Source data ->
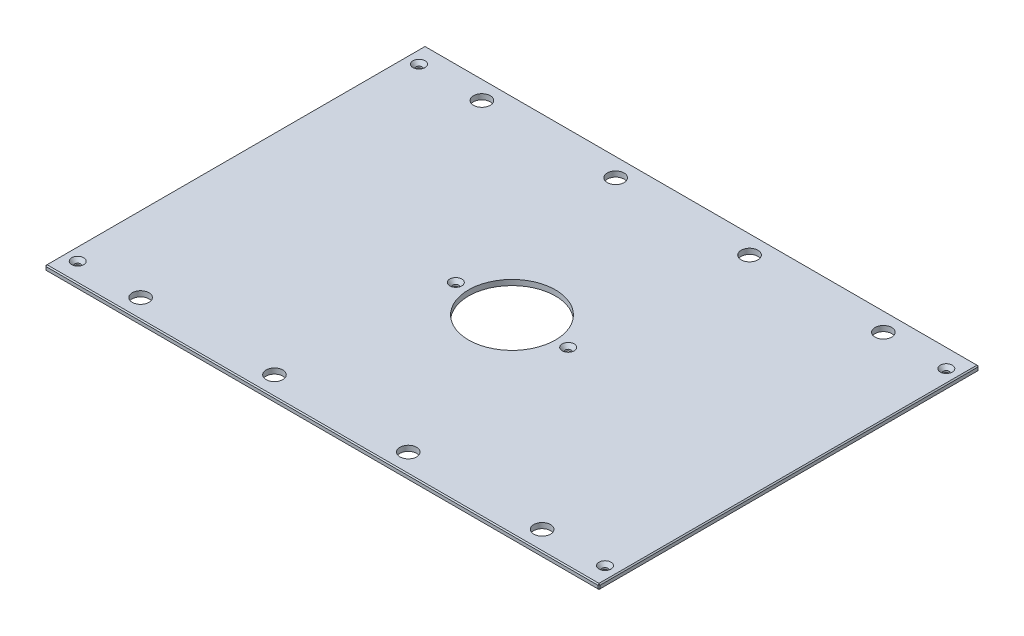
from build123d import *

# Parameters (mm, degrees)
SKETCH1_W                                     = 657.225
SKETCH1_H                                     = 450.85
BOSS_EXTRUDE1_DEPTH                           = 6.35
SKETCH13_R                                    = 51.562
CUT_EXTRUDE6_DEPTH                            = 399.551035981
F_25_32_0_78125_DIAMETER_HOLE1_D              = 19.84375
CHAMFER2_SIZE                                 = 1.27
CSK_FOR_1_4_FLAT_HEAD_MACHINE_SCREW1_AT_COUNT = 2
CSK_FOR_1_4_FLAT_HEAD_MACHINE_SCREW1_AT_PITCH = 404.80996
CSK_FOR_1_4_FLAT_HEAD_MACHINE_SCREW1_2_COUNT  = 2
CSK_FOR_1_4_FLAT_HEAD_MACHINE_SCREW1_2_PITCH  = 745.043676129
CSK_FOR_1_4_FLAT_HEAD_MACHINE_SCREW1_3_COUNT  = 2
CSK_FOR_1_4_FLAT_HEAD_MACHINE_SCREW1_3_PITCH  = 430.025140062
CSK_FOR_1_4_FLAT_HEAD_MACHINE_SCREW1_4_COUNT  = 2
CSK_FOR_1_4_FLAT_HEAD_MACHINE_SCREW1_4_PITCH  = 318.613448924
CSK_FOR_1_4_FLAT_HEAD_MACHINE_SCREW1_5_COUNT  = 2
CSK_FOR_1_4_FLAT_HEAD_MACHINE_SCREW1_5_PITCH  = 625.475
CSK_FOR_1_4_FLAT_HEAD_MACHINE_SCREW1_6_COUNT  = 2
CSK_FOR_1_4_FLAT_HEAD_MACHINE_SCREW1_6_PITCH  = 550.8625
CSK_FOR_1_4_FLAT_HEAD_MACHINE_SCREW1_7_COUNT  = 2
CSK_FOR_1_4_FLAT_HEAD_MACHINE_SCREW1_7_PITCH  = 683.608511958


with BuildPart() as part:
    # Sketch1 → Boss-Extrude1 (new body)
    with BuildSketch(Plane(origin=(0, 0, 0), x_dir=(1, 0, 0), z_dir=(0, 1, 0))):
        Rectangle(SKETCH1_W, SKETCH1_H)
    extrude(amount=BOSS_EXTRUDE1_DEPTH)

    # Sketch13 → Cut-Extrude6 (cut, through all)
    with BuildSketch(Plane(origin=(0, 6.35, 0), x_dir=(1, 0, 0), z_dir=(0, 1, 0))):
        with Locations(Location((0, 0, 0), (0, 0, 270))):
            Circle(SKETCH13_R)
    extrude(amount=-CUT_EXTRUDE6_DEPTH, mode=Mode.SUBTRACT)

    # 25_32 _0.78125_ Diameter Hole1 (through all)
    with Locations(Plane(origin=(0, 6.35, 0), x_dir=(1, 0, 0), z_dir=(0, 1, 0))):
        with Locations((238.125, 202.40498), (-238.125, 202.40498), (238.125, -202.40498), (-238.125, -202.40498), (-79.375, 202.40498), (79.375, 202.40498), (79.375, -202.40498), (-79.375, -202.40498)):
            Hole(F_25_32_0_78125_DIAMETER_HOLE1_D / 2)

    # Chamfer2
    chamfer2_edges = [part.edges().sort_by_distance(p)[0] for p in [
        (328.6125, 6.35, 0),
        (0, 6.35, -225.425),
        (-328.6125, 6.35, 0),
        (0, 0, -225.425),
        (328.6125, 0, 0),
        (0, 0, 225.425),
        (-328.6125, 0, 0),
        (0, 6.35, 225.425),
        (-328.6125, 3.175, -225.425),
        (328.6125, 3.175, -225.425),
        (328.6125, 3.175, 225.425),
        (-328.6125, 3.175, 225.425),
    ]]
    chamfer(chamfer2_edges, length=CHAMFER2_SIZE)

    # Sketch24 → CSK for 1_4 Flat Head Machine Screw1 (revolve, cut)
    with BuildSketch(Plane(origin=(312.7375, 6.35, -202.40498), x_dir=(0, 0, 1), z_dir=(1, 0, 0))):
        Polygon((0, 0), (0, 6.35), (3.3782, 6.35), (3.3782, 4.324464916), (7.1374, 0), align=None)
    csk_for_1_4_flat_head_machine_screw1 = revolve(axis=Axis((312.7375, 12.7, -202.40498), (0, -1, 0)), mode=Mode.SUBTRACT)

    # CSK for 1_4 Flat Head Machine Screw1 at: CSK for 1_4 Flat Head Machine Screw1 ×2
    with Locations(*[(0, 0, i * CSK_FOR_1_4_FLAT_HEAD_MACHINE_SCREW1_AT_PITCH) for i in range(1, CSK_FOR_1_4_FLAT_HEAD_MACHINE_SCREW1_AT_COUNT)]):
        add(csk_for_1_4_flat_head_machine_screw1, mode=Mode.SUBTRACT)

    # CSK for 1_4 Flat Head Machine Screw1 2: CSK for 1_4 Flat Head Machine Screw1 ×2
    with Locations(*[Vector(-0.8395145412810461, 0, 0.5433372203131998) * (i * CSK_FOR_1_4_FLAT_HEAD_MACHINE_SCREW1_2_PITCH) for i in range(1, CSK_FOR_1_4_FLAT_HEAD_MACHINE_SCREW1_2_COUNT)]):
        add(csk_for_1_4_flat_head_machine_screw1, mode=Mode.SUBTRACT)

    # CSK for 1_4 Flat Head Machine Screw1 3: CSK for 1_4 Flat Head Machine Screw1 ×2
    with Locations(*[Vector(-0.8823030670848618, 0, 0.470681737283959) * (i * CSK_FOR_1_4_FLAT_HEAD_MACHINE_SCREW1_3_PITCH) for i in range(1, CSK_FOR_1_4_FLAT_HEAD_MACHINE_SCREW1_3_COUNT)]):
        add(csk_for_1_4_flat_head_machine_screw1, mode=Mode.SUBTRACT)

    # CSK for 1_4 Flat Head Machine Screw1 4: CSK for 1_4 Flat Head Machine Screw1 ×2
    with Locations(*[Vector(-0.7722916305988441, 0, 0.6352681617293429) * (i * CSK_FOR_1_4_FLAT_HEAD_MACHINE_SCREW1_4_PITCH) for i in range(1, CSK_FOR_1_4_FLAT_HEAD_MACHINE_SCREW1_4_COUNT)]):
        add(csk_for_1_4_flat_head_machine_screw1, mode=Mode.SUBTRACT)

    # CSK for 1_4 Flat Head Machine Screw1 5: CSK for 1_4 Flat Head Machine Screw1 ×2
    with Locations(*[(-i * CSK_FOR_1_4_FLAT_HEAD_MACHINE_SCREW1_5_PITCH, 0, 0) for i in range(1, CSK_FOR_1_4_FLAT_HEAD_MACHINE_SCREW1_5_COUNT)]):
        add(csk_for_1_4_flat_head_machine_screw1, mode=Mode.SUBTRACT)

    # CSK for 1_4 Flat Head Machine Screw1 6: CSK for 1_4 Flat Head Machine Screw1 ×2
    with Locations(*[(-i * CSK_FOR_1_4_FLAT_HEAD_MACHINE_SCREW1_6_PITCH, 0, 0) for i in range(1, CSK_FOR_1_4_FLAT_HEAD_MACHINE_SCREW1_6_COUNT)]):
        add(csk_for_1_4_flat_head_machine_screw1, mode=Mode.SUBTRACT)

    # CSK for 1_4 Flat Head Machine Screw1 7: CSK for 1_4 Flat Head Machine Screw1 ×2
    with Locations(*[Vector(-0.8058157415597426, 0, 0.5921663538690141) * (i * CSK_FOR_1_4_FLAT_HEAD_MACHINE_SCREW1_7_PITCH) for i in range(1, CSK_FOR_1_4_FLAT_HEAD_MACHINE_SCREW1_7_COUNT)]):
        add(csk_for_1_4_flat_head_machine_screw1, mode=Mode.SUBTRACT)


solid = part.part

Exercise objective -> Return the material as it stands. Leave out the pictures.

Result of this exercise ->
from build123d import *

# Parameters (mm, degrees)
SKETCH1_W                                     = 657.225
SKETCH1_H                                     = 450.85
BOSS_EXTRUDE1_DEPTH                           = 6.35
SKETCH13_R                                    = 51.562
CUT_EXTRUDE6_DEPTH                            = 399.551035981
F_25_32_0_78125_DIAMETER_HOLE1_D              = 19.84375
CHAMFER2_SIZE                                 = 1.27
CSK_FOR_1_4_FLAT_HEAD_MACHINE_SCREW1_AT_COUNT = 2
CSK_FOR_1_4_FLAT_HEAD_MACHINE_SCREW1_AT_PITCH = 404.80996
CSK_FOR_1_4_FLAT_HEAD_MACHINE_SCREW1_2_COUNT  = 2
CSK_FOR_1_4_FLAT_HEAD_MACHINE_SCREW1_2_PITCH  = 745.043676129
CSK_FOR_1_4_FLAT_HEAD_MACHINE_SCREW1_3_COUNT  = 2
CSK_FOR_1_4_FLAT_HEAD_MACHINE_SCREW1_3_PITCH  = 430.025140062
CSK_FOR_1_4_FLAT_HEAD_MACHINE_SCREW1_4_COUNT  = 2
CSK_FOR_1_4_FLAT_HEAD_MACHINE_SCREW1_4_PITCH  = 318.613448924
CSK_FOR_1_4_FLAT_HEAD_MACHINE_SCREW1_5_COUNT  = 2
CSK_FOR_1_4_FLAT_HEAD_MACHINE_SCREW1_5_PITCH  = 625.475
CSK_FOR_1_4_FLAT_HEAD_MACHINE_SCREW1_6_COUNT  = 2
CSK_FOR_1_4_FLAT_HEAD_MACHINE_SCREW1_6_PITCH  = 550.8625
CSK_FOR_1_4_FLAT_HEAD_MACHINE_SCREW1_7_COUNT  = 2
CSK_FOR_1_4_FLAT_HEAD_MACHINE_SCREW1_7_PITCH  = 683.608511958


with BuildPart() as part:
    # Sketch1 → Boss-Extrude1 (new body)
    with BuildSketch(Plane(origin=(0, 0, 0), x_dir=(1, 0, 0), z_dir=(0, 1, 0))):
        Rectangle(SKETCH1_W, SKETCH1_H)
    extrude(amount=BOSS_EXTRUDE1_DEPTH)

    # Sketch13 → Cut-Extrude6 (cut, through all)
    with BuildSketch(Plane(origin=(0, 6.35, 0), x_dir=(1, 0, 0), z_dir=(0, 1, 0))):
        with Locations(Location((0, 0, 0), (0, 0, 270))):
            Circle(SKETCH13_R)
    extrude(amount=-CUT_EXTRUDE6_DEPTH, mode=Mode.SUBTRACT)

    # 25_32 _0.78125_ Diameter Hole1 (through all)
    with Locations(Plane(origin=(0, 6.35, 0), x_dir=(1, 0, 0), z_dir=(0, 1, 0))):
        with Locations((238.125, 202.40498), (-238.125, 202.40498), (238.125, -202.40498), (-238.125, -202.40498), (-79.375, 202.40498), (79.375, 202.40498), (79.375, -202.40498), (-79.375, -202.40498)):
            Hole(F_25_32_0_78125_DIAMETER_HOLE1_D / 2)

    # Chamfer2
    chamfer2_edges = [part.edges().sort_by_distance(p)[0] for p in [
        (328.6125, 6.35, 0),
        (0, 6.35, -225.425),
        (-328.6125, 6.35, 0),
        (0, 0, -225.425),
        (328.6125, 0, 0),
        (0, 0, 225.425),
        (-328.6125, 0, 0),
        (0, 6.35, 225.425),
        (-328.6125, 3.175, -225.425),
        (328.6125, 3.175, -225.425),
        (328.6125, 3.175, 225.425),
        (-328.6125, 3.175, 225.425),
    ]]
    chamfer(chamfer2_edges, length=CHAMFER2_SIZE)

    # Sketch24 → CSK for 1_4 Flat Head Machine Screw1 (revolve, cut)
    with BuildSketch(Plane(origin=(312.7375, 6.35, -202.40498), x_dir=(0, 0, 1), z_dir=(1, 0, 0))):
        Polygon((0, 0), (0, 6.35), (3.3782, 6.35), (3.3782, 4.324464916), (7.1374, 0), align=None)
    csk_for_1_4_flat_head_machine_screw1 = revolve(axis=Axis((312.7375, 12.7, -202.40498), (0, -1, 0)), mode=Mode.SUBTRACT)

    # CSK for 1_4 Flat Head Machine Screw1 at: CSK for 1_4 Flat Head Machine Screw1 ×2
    with Locations(*[(0, 0, i * CSK_FOR_1_4_FLAT_HEAD_MACHINE_SCREW1_AT_PITCH) for i in range(1, CSK_FOR_1_4_FLAT_HEAD_MACHINE_SCREW1_AT_COUNT)]):
        add(csk_for_1_4_flat_head_machine_screw1, mode=Mode.SUBTRACT)

    # CSK for 1_4 Flat Head Machine Screw1 2: CSK for 1_4 Flat Head Machine Screw1 ×2
    with Locations(*[Vector(-0.8395145412810461, 0, 0.5433372203131998) * (i * CSK_FOR_1_4_FLAT_HEAD_MACHINE_SCREW1_2_PITCH) for i in range(1, CSK_FOR_1_4_FLAT_HEAD_MACHINE_SCREW1_2_COUNT)]):
        add(csk_for_1_4_flat_head_machine_screw1, mode=Mode.SUBTRACT)

    # CSK for 1_4 Flat Head Machine Screw1 3: CSK for 1_4 Flat Head Machine Screw1 ×2
    with Locations(*[Vector(-0.8823030670848618, 0, 0.470681737283959) * (i * CSK_FOR_1_4_FLAT_HEAD_MACHINE_SCREW1_3_PITCH) for i in range(1, CSK_FOR_1_4_FLAT_HEAD_MACHINE_SCREW1_3_COUNT)]):
        add(csk_for_1_4_flat_head_machine_screw1, mode=Mode.SUBTRACT)

    # CSK for 1_4 Flat Head Machine Screw1 4: CSK for 1_4 Flat Head Machine Screw1 ×2
    with Locations(*[Vector(-0.7722916305988441, 0, 0.6352681617293429) * (i * CSK_FOR_1_4_FLAT_HEAD_MACHINE_SCREW1_4_PITCH) for i in range(1, CSK_FOR_1_4_FLAT_HEAD_MACHINE_SCREW1_4_COUNT)]):
        add(csk_for_1_4_flat_head_machine_screw1, mode=Mode.SUBTRACT)

    # CSK for 1_4 Flat Head Machine Screw1 5: CSK for 1_4 Flat Head Machine Screw1 ×2
    with Locations(*[(-i * CSK_FOR_1_4_FLAT_HEAD_MACHINE_SCREW1_5_PITCH, 0, 0) for i in range(1, CSK_FOR_1_4_FLAT_HEAD_MACHINE_SCREW1_5_COUNT)]):
        add(csk_for_1_4_flat_head_machine_screw1, mode=Mode.SUBTRACT)

    # CSK for 1_4 Flat Head Machine Screw1 6: CSK for 1_4 Flat Head Machine Screw1 ×2
    with Locations(*[(-i * CSK_FOR_1_4_FLAT_HEAD_MACHINE_SCREW1_6_PITCH, 0, 0) for i in range(1, CSK_FOR_1_4_FLAT_HEAD_MACHINE_SCREW1_6_COUNT)]):
        add(csk_for_1_4_flat_head_machine_screw1, mode=Mode.SUBTRACT)

    # CSK for 1_4 Flat Head Machine Screw1 7: CSK for 1_4 Flat Head Machine Screw1 ×2
    with Locations(*[Vector(-0.8058157415597426, 0, 0.5921663538690141) * (i * CSK_FOR_1_4_FLAT_HEAD_MACHINE_SCREW1_7_PITCH) for i in range(1, CSK_FOR_1_4_FLAT_HEAD_MACHINE_SCREW1_7_COUNT)]):
        add(csk_for_1_4_flat_head_machine_screw1, mode=Mode.SUBTRACT)


solid = part.part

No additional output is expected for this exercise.